Davadaki talep, her ne kadar taşıma sözleşmesi kaynaklıysa da, taşıma işine özgü taşıma alacağı talebi veya taşınan eşyaya ilişkin bir ziya-hasar-zarar-gecikmeden doğan tazminat talebine yönelik olmayıp bu nedenle uyuşmazlıkta TTK md 855 hükmü ve bu hükümde yer alan 1 yıllık zamanaşımı süresi uygulanamayacağından, talep sözleşmedeki edimin gereği gibi yerine getirilmemesi nedeniyle taşıtanın uğradığı zarar (müspet zarar) niteliğinde olmakla 10 yıllık genel zamanaşımı süresi uygulanması gerektiğinden, davalı vekilinin cevap dilekçesinde ileri sürdüğü zamanaşımı def’i ön inceleme celsesinde ara kararla reddedilmiştir.
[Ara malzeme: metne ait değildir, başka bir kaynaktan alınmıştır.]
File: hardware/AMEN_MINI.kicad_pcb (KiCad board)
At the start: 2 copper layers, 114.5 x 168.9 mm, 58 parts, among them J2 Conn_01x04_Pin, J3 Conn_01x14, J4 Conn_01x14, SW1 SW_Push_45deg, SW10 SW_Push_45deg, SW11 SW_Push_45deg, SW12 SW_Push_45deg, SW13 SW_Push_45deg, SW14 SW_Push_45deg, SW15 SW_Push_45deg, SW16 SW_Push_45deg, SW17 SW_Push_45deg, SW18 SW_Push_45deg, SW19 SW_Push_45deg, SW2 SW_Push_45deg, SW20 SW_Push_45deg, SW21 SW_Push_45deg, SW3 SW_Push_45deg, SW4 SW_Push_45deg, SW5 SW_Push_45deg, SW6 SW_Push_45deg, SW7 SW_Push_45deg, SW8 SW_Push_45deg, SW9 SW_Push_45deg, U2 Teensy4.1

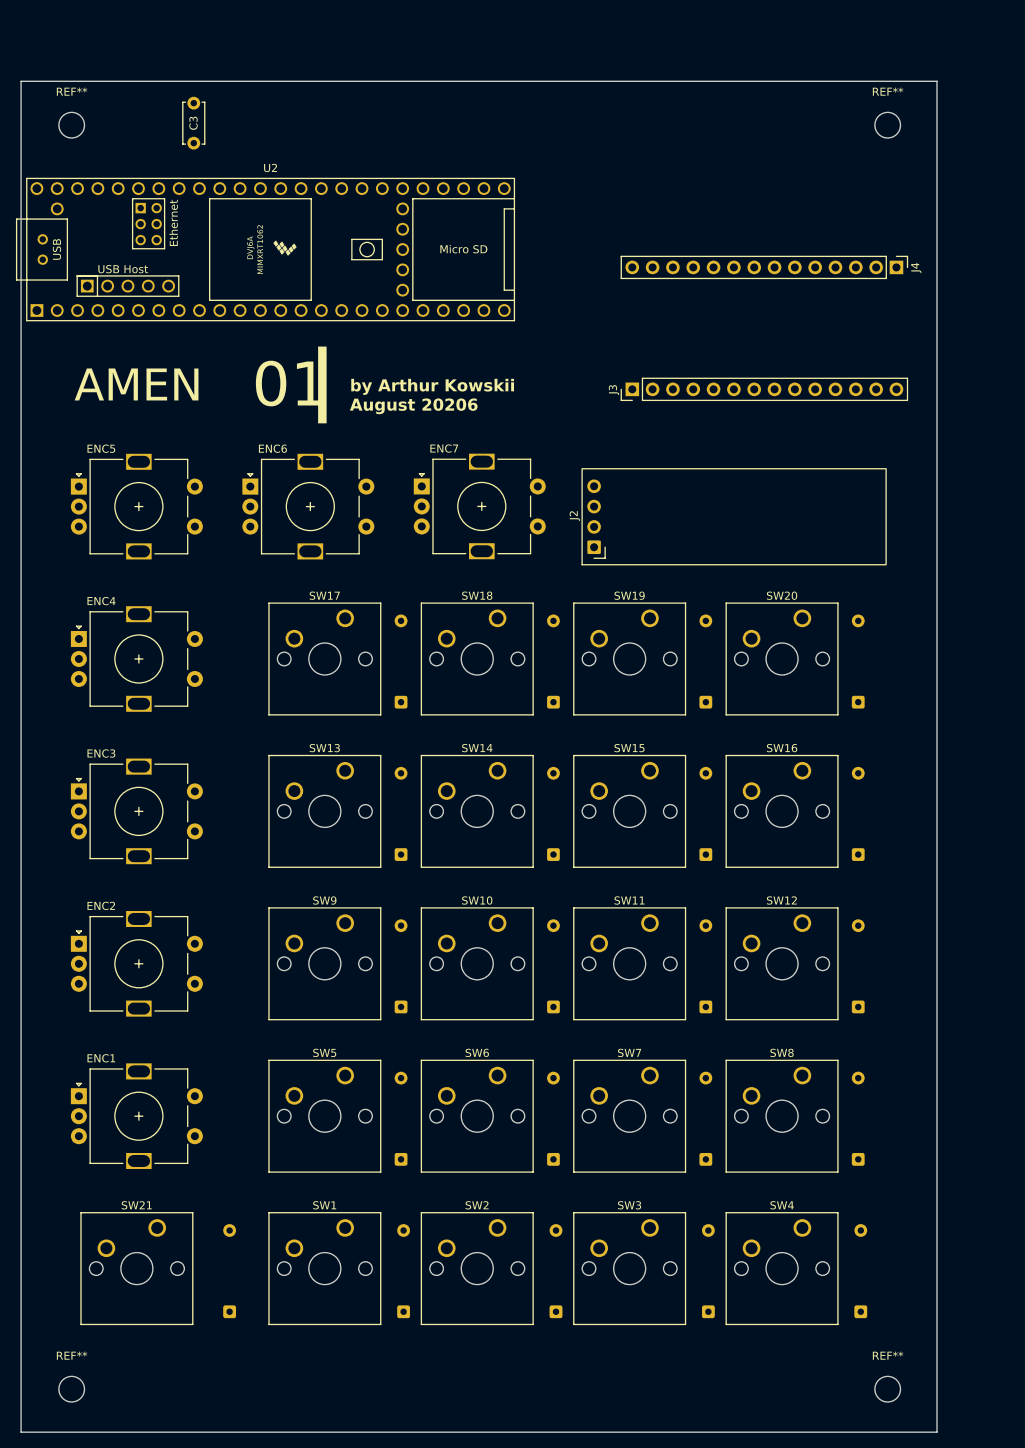
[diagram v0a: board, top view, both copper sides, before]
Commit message: Pre DRC connections
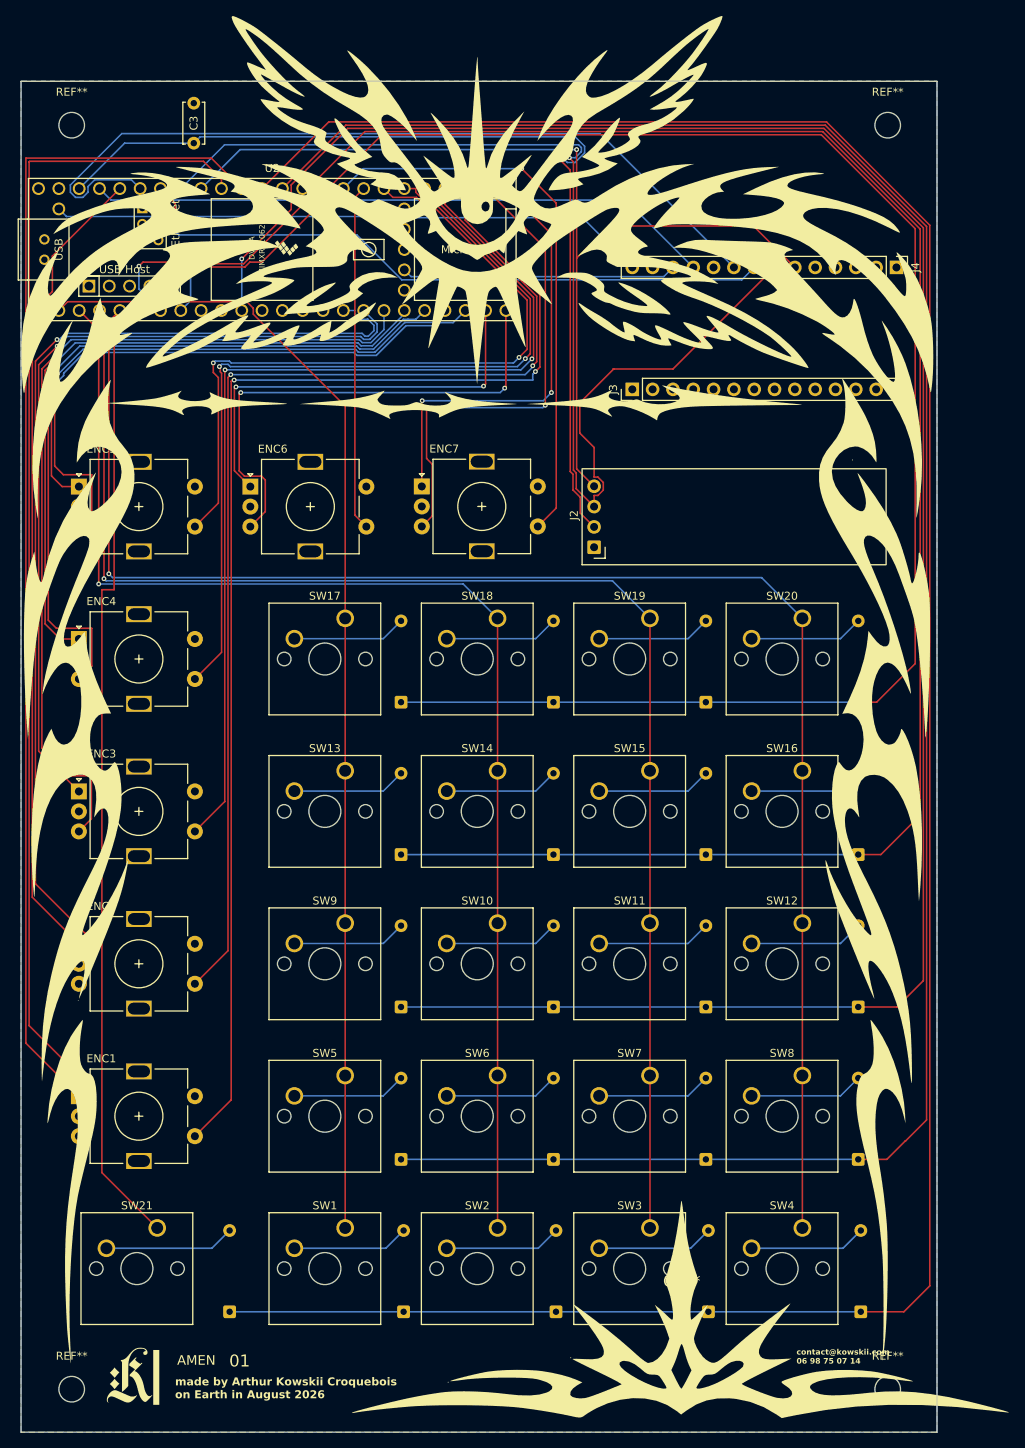
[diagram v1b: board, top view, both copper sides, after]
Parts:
- added G***: LOGO, LOGO, F.Cu at (56.2, 175.3)
- added G***: LOGO, LOGO, F.Cu at (99.7, 89.6)
- added G***: LOGO, LOGO, F.Cu at (96.6, 53.0)
- added G***: LOGO, LOGO, F.Cu at (125.3, 163.5)
- moved U2 0.20 mm to (74.1, 34.5)
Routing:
- net /ROW4: track 0.00 -> 313.7 mm
- net /ROW3: track 0.00 -> 268.5 mm
- net /ROW2: track 0.00 -> 266.1 mm, vias 0 -> 1
- net /ROW1: track 0.00 -> 250.3 mm, vias 0 -> 1
- net /ROW0: track 0.00 -> 237.4 mm, vias 0 -> 1
- net /COL3: track 0.00 -> 198.7 mm, vias 0 -> 1
- net /COL2: track 0.00 -> 180.3 mm, vias 0 -> 1
- net /COL1: track 0.00 -> 163.0 mm, vias 0 -> 1
- net /E1_SW: track 0.00 -> 162.2 mm, vias 0 -> 2
- net +3V3: track 0.00 -> 155.0 mm, vias 0 -> 2
- net /E1_B: track 0.00 -> 151.6 mm
- net /E1_A: track 0.00 -> 148.6 mm
- net /SCL: track 0.00 -> 146.4 mm, vias 0 -> 1
- net /COL0: track 0.00 -> 144.8 mm
- net /E2_SW: track 0.00 -> 143.4 mm, vias 0 -> 2
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- added copper zone on B.Cu, net GND
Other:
- board text added: "contact@kowskii.com 06 98 75 07 14"
- board text added: "made by Arthur Kowskii Croquebois on Earth in August 2026"
- board text removed: "by Arthur Kowskii August 20206"

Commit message: post DRC linking, 0 errors
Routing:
- net GND: track 0.00 -> 97.0 mm, vias 0 -> 4
- net /I2S_DOUT: track 0.00 -> 93.0 mm, vias 0 -> 1
- net /I2S_DIN: track 0.00 -> 90.1 mm, vias 0 -> 1
- net +3V3: track 155.0 -> 209.2 mm, vias 2 -> 3
- net /+5V_USB: track 74.7 -> 81.9 mm

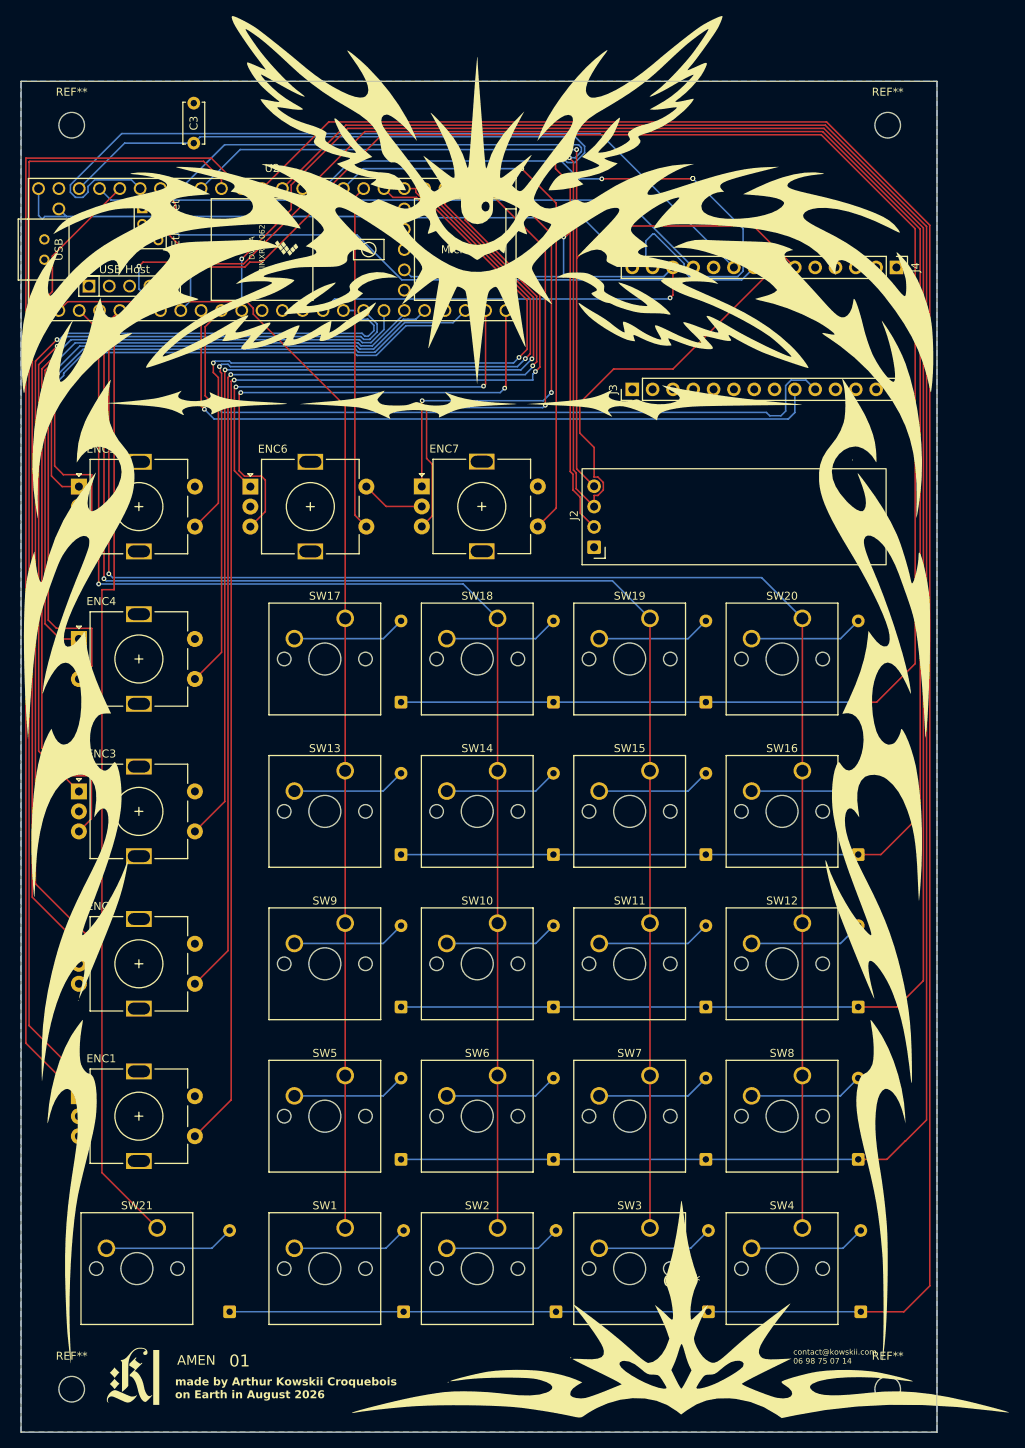
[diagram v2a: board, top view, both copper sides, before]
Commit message: fix(pcb): improve I2S routing and ground continuity
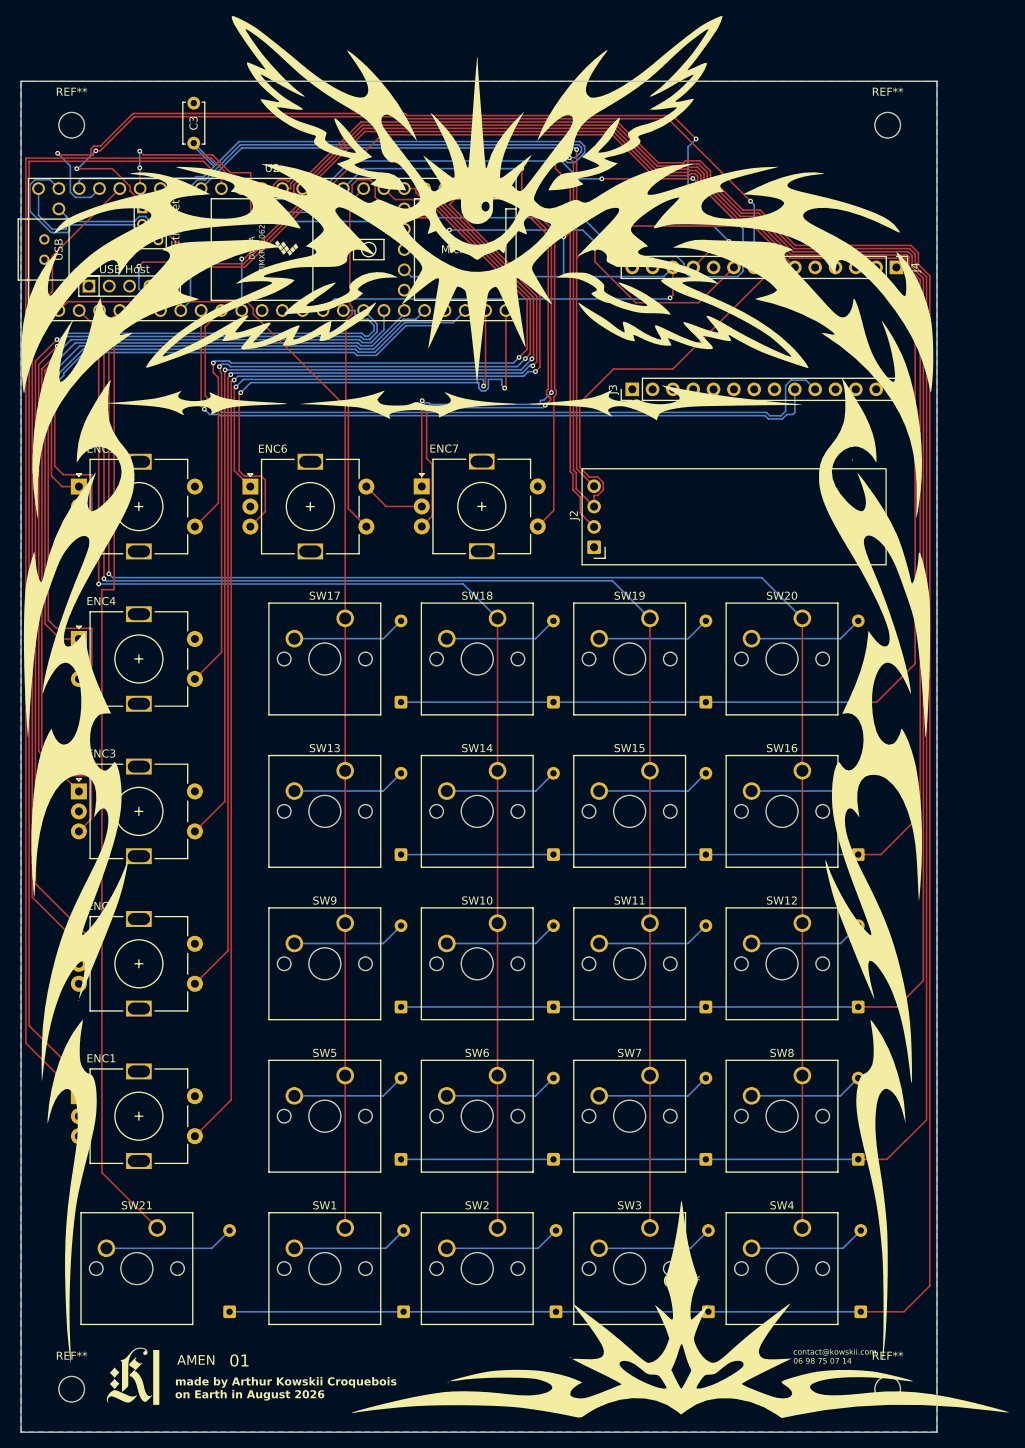
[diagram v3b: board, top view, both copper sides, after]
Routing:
- net /I2S_MCLK: track 78.3 -> 115.2 mm, vias 0 -> 3
- net /I2S_LRCLK: track 81.6 -> 112.5 mm, vias 1 -> 3
- net GND: track 97.0 -> 119.1 mm, vias 4 -> 3
- net +3V3: track 209.2 -> 216.9 mm
- net /I2S_BCLK: track 104.2 -> 97.7 mm, vias 0 -> 6
- net /+5V_USB: track 81.9 -> 85.5 mm
- net /E6_B: track 63.2 -> 66.4 mm
- net /E7_B: track 60.8 -> 63.1 mm
- net /ROW1: track 250.3 -> 248.1 mm
- net /ROW0: track 237.4 -> 235.4 mm
- net /ROW4: track 313.7 -> 312.0 mm
- net /ROW3: track 268.5 -> 266.8 mm
- net /ROW2: track 266.1 -> 264.7 mm
- net /E1_SW: track 162.2 -> 163.4 mm
- net /E6_SW: track 43.3 -> 44.5 mm
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
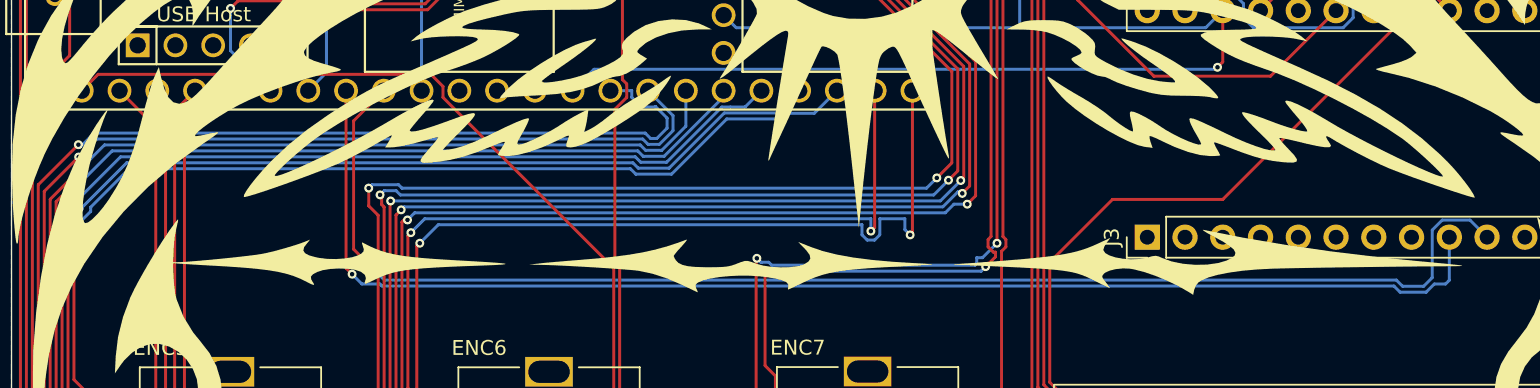
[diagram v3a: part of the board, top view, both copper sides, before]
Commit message: increasing gap between DIN & DOUT tracks
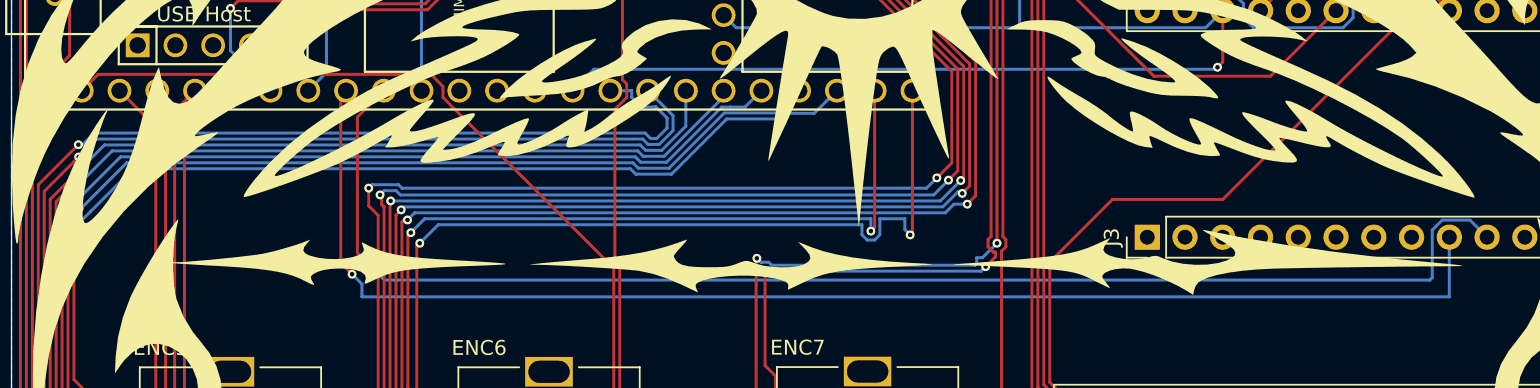
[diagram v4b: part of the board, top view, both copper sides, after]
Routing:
- net /I2S_DIN: track 90.1 -> 91.8 mm
- net /I2S_DOUT: track 93.0 -> 92.4 mm
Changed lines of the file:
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@@
-	)
-	(segment
-		(start 47.9964 50.286529)
-		(end 47.9964 50.003686)
-		(width 0.2)
-		(layer "B.Cu")
-		(net "/E5_B")
 	)
 	(segment
@@
 	)
 	(segment
+		(start 50.86773 47.4152)
+		(end 84.304259 47.4152)
+		(width 0.2)
+		(layer "B.Cu")
+		(net "/E5_B")
+	)
+	(segment
+		(start 47.9964 50.286529)
+		(end 50.86773 47.4152)
+		(width 0.2)
+		(layer "B.Cu")
+		(net "/E5_B")
+	)
+	(segment
+		(start 94.322086 44.064)
+		(end 94.698086 43.688)
+		(width 0.2)
+		(layer "B.Cu")
+		(net "/E5_B")
+	)
+	(segment
+		(start 90.786744 44.064)
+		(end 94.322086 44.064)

Davalı vekilince husumet itirazı da ileri sürülmüş ise de, yapılan tahkikat sonucunda davadaki talebin taraflar arasındaki sözleşmeden kaynaklanan (taşıma fiili dışı diğer zarar niteliğinde) tazminat istemi olmakla davalıdan talep edilebilir nitelikte olduğu anlaşıldığından, bu itiraza itibar edilmemiştir.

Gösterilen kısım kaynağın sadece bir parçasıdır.